In the latest amended Regulations (which came into force on June 1st), there is a similar structure: a prohibition is established, but it will not apply where there is a reasonable excuse:

“During the emergency period, no person may, without reasonable excuse— (a) leave the area local to the place where they are living or remain away from that area.”

The list of reasonable excuses in the Regulations is lengthy, but it is clear that it is not exhaustive. For instance, the “Leaving home to exercise: guidance”, published on 24 April and updated on 11 May 2020, stipulates that “[t]his list is not intended, therefore, to include all possible reasonable excuses for leaving home” (para 6).

So, what do we mean by “reasonable”? Lord Atkin, in the context of the duty of care, would have said that we should have regard to how our conduct would affect our neighbour: we should do all that we reasonably can to avoid harming our neighbour. In doing so, he was contemplating the position of the defendant in a civil negligence action. But who will decide what is reasonable in the context of the Coronavirus Regulations? In theory, if an alleged breach is prosecuted as an offence under Regulation 12, it will be the Magistrates’ Court hearing the case.  In most cases, however, since prosecutions can only be brought with the consent of the DPP (or a Welsh-Government nominated person) the answer is a “relevant person”. Relevant persons are given significant powers under the Regulations to do all sorts of things to people who are suspected of breaching Regulation 8.  So, who is a relevant person?  Regulation 10(11) gives us the answer – police officer, police community support officer, or “a person designated by” the Welsh Government, Local and National Park Authorities in Wales and National Resources Wales. (This provision creates a potential new class of enforcement officers for these Regulations who are not part of or linked to the police.)

Perhaps the best-known and most often used power of a relevant person is that under Regulation 13(1), which provides that:

“A relevant person may issue a fixed penalty notice to anyone that the relevant person reasonably believes (a) has committed an offence under these Regulations, and (b) is aged 18 or over.”

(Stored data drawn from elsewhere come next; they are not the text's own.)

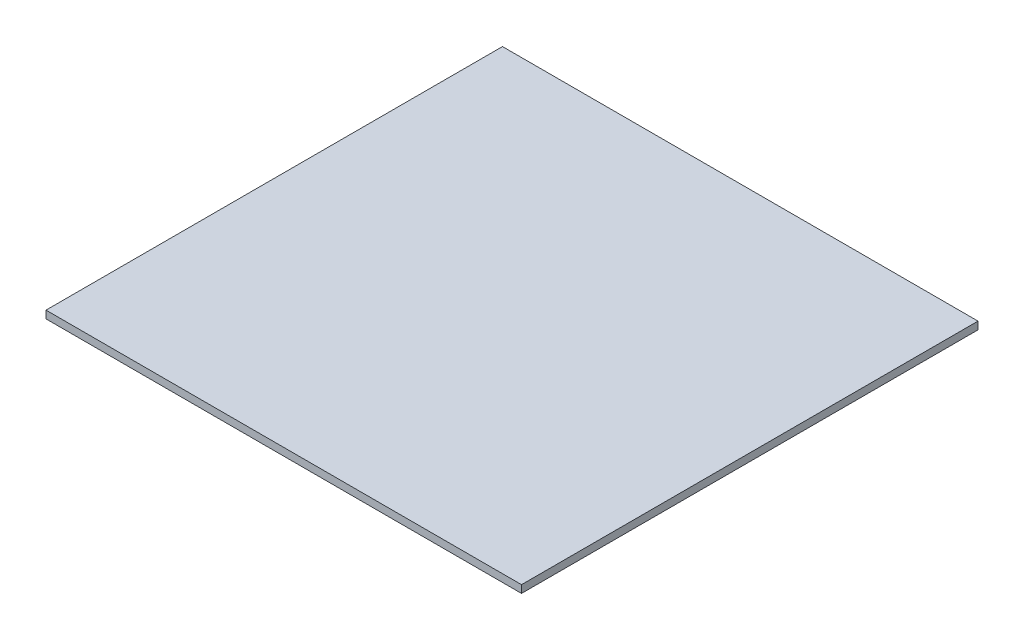
ISO-10303-21;
HEADER;
FILE_DESCRIPTION(('STEP AP214'),'2;1');
FILE_NAME('part.step','',(''),(''),'','','');
FILE_SCHEMA(('AUTOMOTIVE_DESIGN { 1 0 10303 214 1 1 1 1 }'));
ENDSEC;
DATA;
#1=APPLICATION_CONTEXT('core data for automotive mechanical design processes');
#2=APPLICATION_PROTOCOL_DEFINITION('international standard','automotive_design',2000,#1);
#3=PRODUCT_CONTEXT('',#1,'mechanical');
#4=PRODUCT('Part','Part','',(#3));
#5=PRODUCT_RELATED_PRODUCT_CATEGORY('part','',(#4));
#6=PRODUCT_DEFINITION_FORMATION('','',#4);
#7=PRODUCT_DEFINITION_CONTEXT('part definition',#1,'design');
#8=PRODUCT_DEFINITION('design','',#6,#7);
#9=PRODUCT_DEFINITION_SHAPE('','',#8);
#10=(LENGTH_UNIT() NAMED_UNIT(*) SI_UNIT(.MILLI.,.METRE.));
#11=(NAMED_UNIT(*) PLANE_ANGLE_UNIT() SI_UNIT($,.RADIAN.));
#12=(NAMED_UNIT(*) SI_UNIT($,.STERADIAN.) SOLID_ANGLE_UNIT());
#13=UNCERTAINTY_MEASURE_WITH_UNIT(LENGTH_MEASURE(1.E-05),#10,'distance_accuracy_value','');
#14=(GEOMETRIC_REPRESENTATION_CONTEXT(3) GLOBAL_UNCERTAINTY_ASSIGNED_CONTEXT((#13)) GLOBAL_UNIT_ASSIGNED_CONTEXT((#10,
#11,#12)) REPRESENTATION_CONTEXT('',''));
#15=CARTESIAN_POINT('',(0.,0.,0.));
#16=DIRECTION('',(0.,0.,1.));
#17=DIRECTION('',(1.,0.,0.));
#18=AXIS2_PLACEMENT_3D('',#15,#16,#17);
#19=CARTESIAN_POINT('',(-56.25,-2.,-82.3621323529412));
#20=DIRECTION('',(-1.,0.,0.));
#21=DIRECTION('',(0.,0.,1.));
#22=AXIS2_PLACEMENT_3D('',#19,#20,#21);
#23=PLANE('',#22);
#24=DIRECTION('',(0.,0.,1.));
#25=VECTOR('',#24,1.);
#26=CARTESIAN_POINT('',(-56.25,0.,-82.3621323529412));
#27=LINE('',#26,#25);
#28=CARTESIAN_POINT('',(-56.25,0.,-82.3621323529412));
#29=VERTEX_POINT('',#28);
#30=CARTESIAN_POINT('',(-56.25,0.,37.6378676470588));
#31=VERTEX_POINT('',#30);
#32=EDGE_CURVE('E97',#29,#31,#27,.T.);
#33=ORIENTED_EDGE('',*,*,#32,.F.);
#34=DIRECTION('',(0.,1.,0.));
#35=VECTOR('',#34,1.);
#36=CARTESIAN_POINT('',(-56.25,-2.,-82.3621323529412));
#37=LINE('',#36,#35);
#38=CARTESIAN_POINT('',(-56.25,-2.,-82.3621323529412));
#39=VERTEX_POINT('',#38);
#40=EDGE_CURVE('E11',#39,#29,#37,.T.);
#41=ORIENTED_EDGE('',*,*,#40,.F.);
#42=DIRECTION('',(0.,0.,1.));
#43=VECTOR('',#42,1.);
#44=CARTESIAN_POINT('',(-56.25,-2.,-82.3621323529412));
#45=LINE('',#44,#43);
#46=CARTESIAN_POINT('',(-56.25,-2.,37.6378676470588));
#47=VERTEX_POINT('',#46);
#48=EDGE_CURVE('E91',#39,#47,#45,.T.);
#49=ORIENTED_EDGE('',*,*,#48,.T.);
#50=DIRECTION('',(0.,1.,0.));
#51=VECTOR('',#50,1.);
#52=CARTESIAN_POINT('',(-56.25,-2.,37.6378676470588));
#53=LINE('',#52,#51);
#54=EDGE_CURVE('E36',#47,#31,#53,.T.);
#55=ORIENTED_EDGE('',*,*,#54,.T.);
#56=EDGE_LOOP('',(#33,#41,#49,#55));
#57=FACE_BOUND('',#56,.T.);
#58=ADVANCED_FACE('F33',(#57),#23,.T.);
#59=CARTESIAN_POINT('',(-56.25,-2.,-82.3621323529412));
#60=DIRECTION('',(0.,0.,-1.));
#61=DIRECTION('',(-1.,0.,0.));
#62=AXIS2_PLACEMENT_3D('',#59,#60,#61);
#63=PLANE('',#62);
#64=DIRECTION('',(-1.,0.,0.));
#65=VECTOR('',#64,1.);
#66=CARTESIAN_POINT('',(-56.25,0.,-82.3621323529412));
#67=LINE('',#66,#65);
#68=CARTESIAN_POINT('',(68.75,0.,-82.3621323529412));
#69=VERTEX_POINT('',#68);
#70=EDGE_CURVE('E93',#69,#29,#67,.T.);
#71=ORIENTED_EDGE('',*,*,#70,.F.);
#72=DIRECTION('',(0.,1.,0.));
#73=VECTOR('',#72,1.);
#74=CARTESIAN_POINT('',(68.75,-2.,-82.3621323529412));
#75=LINE('',#74,#73);
#76=CARTESIAN_POINT('',(68.75,-2.,-82.3621323529412));
#77=VERTEX_POINT('',#76);
#78=EDGE_CURVE('E42',#77,#69,#75,.T.);
#79=ORIENTED_EDGE('',*,*,#78,.F.);
#80=DIRECTION('',(-1.,0.,0.));
#81=VECTOR('',#80,1.);
#82=CARTESIAN_POINT('',(-56.25,-2.,-82.3621323529412));
#83=LINE('',#82,#81);
#84=EDGE_CURVE('E88',#77,#39,#83,.T.);
#85=ORIENTED_EDGE('',*,*,#84,.T.);
#86=ORIENTED_EDGE('',*,*,#40,.T.);
#87=EDGE_LOOP('',(#71,#79,#85,#86));
#88=FACE_BOUND('',#87,.T.);
#89=ADVANCED_FACE('F107',(#88),#63,.T.);
#90=CARTESIAN_POINT('',(68.75,-2.,-82.3621323529412));
#91=DIRECTION('',(1.,0.,0.));
#92=DIRECTION('',(0.,0.,-1.));
#93=AXIS2_PLACEMENT_3D('',#90,#91,#92);
#94=PLANE('',#93);
#95=DIRECTION('',(0.,0.,-1.));
#96=VECTOR('',#95,1.);
#97=CARTESIAN_POINT('',(68.75,0.,-82.3621323529412));
#98=LINE('',#97,#96);
#99=CARTESIAN_POINT('',(68.75,0.,37.6378676470588));
#100=VERTEX_POINT('',#99);
#101=EDGE_CURVE('E83',#100,#69,#98,.T.);
#102=ORIENTED_EDGE('',*,*,#101,.F.);
#103=DIRECTION('',(0.,1.,0.));
#104=VECTOR('',#103,1.);
#105=CARTESIAN_POINT('',(68.75,-2.,37.6378676470588));
#106=LINE('',#105,#104);
#107=CARTESIAN_POINT('',(68.75,-2.,37.6378676470588));
#108=VERTEX_POINT('',#107);
#109=EDGE_CURVE('E78',#108,#100,#106,.T.);
#110=ORIENTED_EDGE('',*,*,#109,.F.);
#111=DIRECTION('',(0.,0.,-1.));
#112=VECTOR('',#111,1.);
#113=CARTESIAN_POINT('',(68.75,-2.,-82.3621323529412));
#114=LINE('',#113,#112);
#115=EDGE_CURVE('E81',#108,#77,#114,.T.);
#116=ORIENTED_EDGE('',*,*,#115,.T.);
#117=ORIENTED_EDGE('',*,*,#78,.T.);
#118=EDGE_LOOP('',(#102,#110,#116,#117));
#119=FACE_BOUND('',#118,.T.);
#120=ADVANCED_FACE('F80',(#119),#94,.T.);
#121=CARTESIAN_POINT('',(-56.25,-2.,37.6378676470588));
#122=DIRECTION('',(0.,0.,1.));
#123=DIRECTION('',(1.,0.,0.));
#124=AXIS2_PLACEMENT_3D('',#121,#122,#123);
#125=PLANE('',#124);
#126=DIRECTION('',(1.,0.,0.));
#127=VECTOR('',#126,1.);
#128=CARTESIAN_POINT('',(-56.25,0.,37.6378676470588));
#129=LINE('',#128,#127);
#130=EDGE_CURVE('E100',#31,#100,#129,.T.);
#131=ORIENTED_EDGE('',*,*,#130,.F.);
#132=ORIENTED_EDGE('',*,*,#54,.F.);
#133=DIRECTION('',(1.,0.,0.));
#134=VECTOR('',#133,1.);
#135=CARTESIAN_POINT('',(-56.25,-2.,37.6378676470588));
#136=LINE('',#135,#134);
#137=EDGE_CURVE('E87',#47,#108,#136,.T.);
#138=ORIENTED_EDGE('',*,*,#137,.T.);
#139=ORIENTED_EDGE('',*,*,#109,.T.);
#140=EDGE_LOOP('',(#131,#132,#138,#139));
#141=FACE_BOUND('',#140,.T.);
#142=ADVANCED_FACE('F90',(#141),#125,.T.);
#143=CARTESIAN_POINT('',(0.,-2.,0.));
#144=DIRECTION('',(0.,1.,0.));
#145=DIRECTION('',(0.,0.,1.));
#146=AXIS2_PLACEMENT_3D('',#143,#144,#145);
#147=PLANE('',#146);
#148=ORIENTED_EDGE('',*,*,#48,.F.);
#149=ORIENTED_EDGE('',*,*,#84,.F.);
#150=ORIENTED_EDGE('',*,*,#115,.F.);
#151=ORIENTED_EDGE('',*,*,#137,.F.);
#152=EDGE_LOOP('',(#148,#149,#150,#151));
#153=FACE_BOUND('',#152,.T.);
#154=ADVANCED_FACE('F86',(#153),#147,.F.);
#155=CARTESIAN_POINT('',(0.,0.,0.));
#156=DIRECTION('',(0.,1.,0.));
#157=DIRECTION('',(0.,0.,1.));
#158=AXIS2_PLACEMENT_3D('',#155,#156,#157);
#159=PLANE('',#158);
#160=ORIENTED_EDGE('',*,*,#32,.T.);
#161=ORIENTED_EDGE('',*,*,#130,.T.);
#162=ORIENTED_EDGE('',*,*,#101,.T.);
#163=ORIENTED_EDGE('',*,*,#70,.T.);
#164=EDGE_LOOP('',(#160,#161,#162,#163));
#165=FACE_BOUND('',#164,.T.);
#166=ADVANCED_FACE('F106',(#165),#159,.T.);
#167=CLOSED_SHELL('',(#58,#89,#120,#142,#154,#166));
#168=MANIFOLD_SOLID_BREP('B2',#167);
#169=ADVANCED_BREP_SHAPE_REPRESENTATION('',(#18,#168),#14);
#170=SHAPE_DEFINITION_REPRESENTATION(#9,#169);
ENDSEC;
END-ISO-10303-21;

Of course, the recalcitrant car driver will insist that his action was reasonable, whether he believes it or not. The relevant person will have to decide whether it was “reasonable” for the car driver to go where he went, when he went and why he went. How relevant is the attitude of the person who might have breached the Regulations? While their attitude cannot be decisive, it may be significant in evaluating what the person did and why. What about the drug addict who, desperate for a fix, goes out to meet her dealer? Or the nicotine addict who goes out to the shop, but only to buy cigarettes? A smoker will understand the need immediately; a non-smoker might say that it (the going out; not the smoking) is risky, self-indulgent behaviour. One can see the problem in the differing responses of different police forces.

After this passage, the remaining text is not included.